Confidence Interval = sample mean ± (Z * (population standard deviation / sqrt(sample size)))

First, let's find the Z-score for a 99% confidence level. The Z-score represents the number of standard deviations from the mean. You can find the Z-score using a Z-table or a statistical calculator.

For a 99% confidence level, we want to find the Z-score that includes 99% of the area under the standard normal distribution curve. The Z-score for a 99% confidence level is approximately 2.576.

Now we can substitute the values into the formula:

Confidence Interval = 5.15 ± (2.576 * (1.68 / sqrt(4400)))

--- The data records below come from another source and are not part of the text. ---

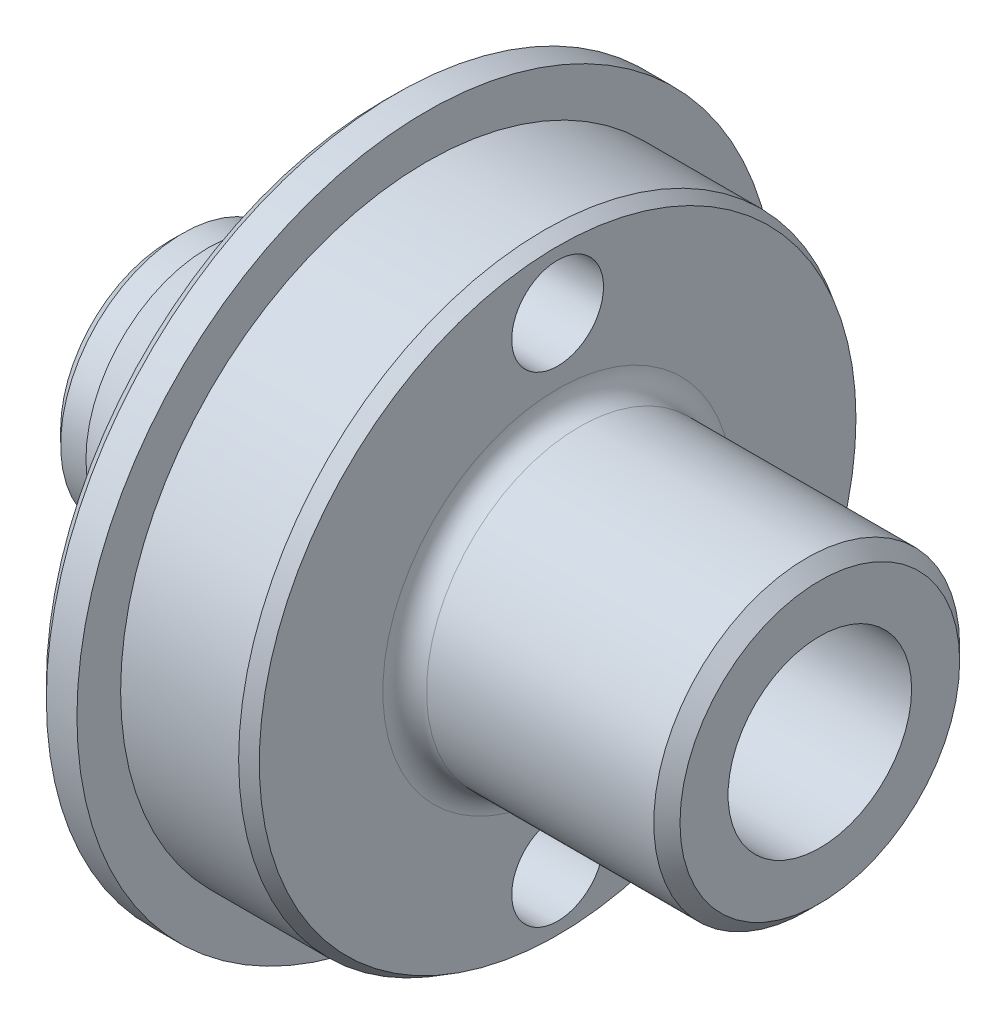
from build123d import *

# Parameters (mm, degrees)
ESQUISSE1_W           = 1
ESQUISSE1_H           = 8
ESQUISSE2_R           = 7
BOSS_EXTRU_1_DEPTH    = 3
ESQUISSE3_R           = 3.5
BOSS_EXTRU_2_DEPTH    = 6
ESQUISSE4_R           = 4.25
BOSS_EXTRU_3_DEPTH    = 4
BOSS_EXTRU_3_TAPER    = 20
ESQUISSE5_R           = 2.794119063
BOSS_EXTRU_4_DEPTH    = 0.878783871
PER_AGE1_D            = 2.1
PER_AGE2_D            = 2.1
TROU_TARAUD_M51_D     = 4.2
TROU_TARAUD_M51_DEPTH = 7.5
TROU_TARAUD_M51_TIP   = 1.2618073
CHANFREIN1_SIZE       = 0.3
CHANFREIN1_SIZE2      = 0.173205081
CONG_1_R              = 0.5
CHANFREIN3_SIZE       = 0.3
CHANFREIN4_SIZE       = 0.3


with BuildPart() as part:
    # Esquisse1 → R_volution1 (revolve)
    with BuildSketch(Plane.XY, mode=Mode.PRIVATE) as r_volution1_sk:
        with Locations((5.5, 4)):
            Rectangle(ESQUISSE1_W, ESQUISSE1_H)
    revolve(r_volution1_sk.sketch.rotate(Axis((5, 0, 0), (1, 0, 0)), 270), axis=Axis((5, 0, 0), (1, 0, 0)))

    # Esquisse2 → Boss.-Extru.1 (add)
    with BuildSketch(Plane(origin=(6, 0, 0), x_dir=(0, 0, -1), z_dir=(1, 0, 0))):
        Circle(ESQUISSE2_R)
    extrude(amount=BOSS_EXTRU_1_DEPTH)

    # Esquisse3 → Boss.-Extru.2 (add)
    with BuildSketch(Plane(origin=(9, 0, 0), x_dir=(0, 0, -1), z_dir=(1, 0, 0))):
        Circle(ESQUISSE3_R)
    extrude(amount=BOSS_EXTRU_2_DEPTH)

    # Esquisse4 → Boss.-Extru.3 (add)
    with BuildSketch(Plane.ZY.offset(-5)):
        Circle(ESQUISSE4_R)
    extrude(amount=BOSS_EXTRU_3_DEPTH, taper=BOSS_EXTRU_3_TAPER)

    # Esquisse5 → Boss.-Extru.4 (add)
    with BuildSketch(Plane.ZY.offset(-1)):
        with Locations(Location((0, 0, 0), (0, 0, 180))):
            Circle(ESQUISSE5_R)
    extrude(amount=BOSS_EXTRU_4_DEPTH)

    # Esquisse6 → Enl_vement de mati_re-R_volution1 (revolve, cut)
    with BuildSketch(Plane.XY, mode=Mode.PRIVATE) as enl_vement_de_mati_re_r_volution1_sk:
        Polygon((0, 1.5), (0, 0), (15, 0), (15, 0.75), (5.5, 0.75), (5.5, 1.5), align=None)
    revolve(enl_vement_de_mati_re_r_volution1_sk.sketch.rotate(Axis((0, 0, 0), (1, 0, 0)), 270), axis=Axis((0, 0, 0), (1, 0, 0)), mode=Mode.SUBTRACT)

    # Per_age1 (through all)
    with Locations(Plane(origin=(9, 0, 0), x_dir=(0, 0, -1), z_dir=(1, 0, 0))):
        with Locations((0, -5.5)):
            Hole(PER_AGE1_D / 2)

    # Per_age2 (through all)
    with Locations(Plane(origin=(9, 0, 0), x_dir=(0, 0, -1), z_dir=(1, 0, 0))):
        with Locations((0, 5.5)):
            Hole(PER_AGE2_D / 2)

    # Trou taraud_ M51
    with Locations(Plane(origin=(15, 0, 0), x_dir=(0, 0, -1), z_dir=(1, 0, 0))):
        with Locations((0, 0)):
            Hole(TROU_TARAUD_M51_D / 2, depth=TROU_TARAUD_M51_DEPTH)
            with Locations((0, 0, -(TROU_TARAUD_M51_DEPTH + TROU_TARAUD_M51_TIP / 2))):  # 118° drill point
                Cone(0, TROU_TARAUD_M51_D / 2, TROU_TARAUD_M51_TIP, mode=Mode.SUBTRACT)

    # Chanfrein1
    chanfrein1_edges = [part.edges().sort_by_distance(p)[0] for p in [
        (9, 0, 7),
    ]]
    chanfrein1_side = [part.faces().sort_by_distance(p)[0] for p in [
        (7.5, 0, 7),
    ]]
    chamfer(chanfrein1_edges, length=CHANFREIN1_SIZE, length2=CHANFREIN1_SIZE2, reference=chanfrein1_side[0])

    # Cong_1
    cong_1_edges = [part.edges().sort_by_distance(p)[0] for p in [
        (9, 0, 3.5),
    ]]
    fillet(cong_1_edges, radius=CONG_1_R)

    # Chanfrein3
    chanfrein3_edges = [part.edges().sort_by_distance(p)[0] for p in [
        (15, 0, 3.5),
    ]]
    chamfer(chanfrein3_edges, length=CHANFREIN3_SIZE)

    # Chanfrein4
    chanfrein4_edges = [part.edges().sort_by_distance(p)[0] for p in [
        (0.121216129, 0, 2.794119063),
        (5, 0, 8),
    ]]
    chamfer(chanfrein4_edges, length=CHANFREIN4_SIZE)


solid = part.part

Calculating the expression in the parentheses:

Standard Error = (1.68 / sqrt(4400)) ≈ 0.0253

Substituting the value of the standard error into the formula:

Confidence Interval = 5.15 ± (2.576 * 0.0253)

Calculating the expression in parentheses:

2.576 * 0.0253 ≈ 0.0651

Now we can substitute the value of the expression into the formula:

Confidence Interval = 5.15 ± 0.0651

Calculating the lower and upper bounds:

Lower bound = 5.15 - 0.0651 ≈ 5.0849
Upper bound = 5.15 + 0.0651 ≈ 5.2151

Thus, the 99% confidence interval for the mean time required by all college graduates is approximately 5.0849 to 5.2151 years.

To determine the margin of error (E), we can take half of the width of the confidence interval:

Margin of Error (E) = (Upper bound - Lower bound) / 2

Calculating the expression in parentheses:

(5.2151 - 5.0849) / 2 ≈ 0.0651 / 2 ≈ 0.0326

Therefore, the margin of error (E) is approximately 0.0326 years.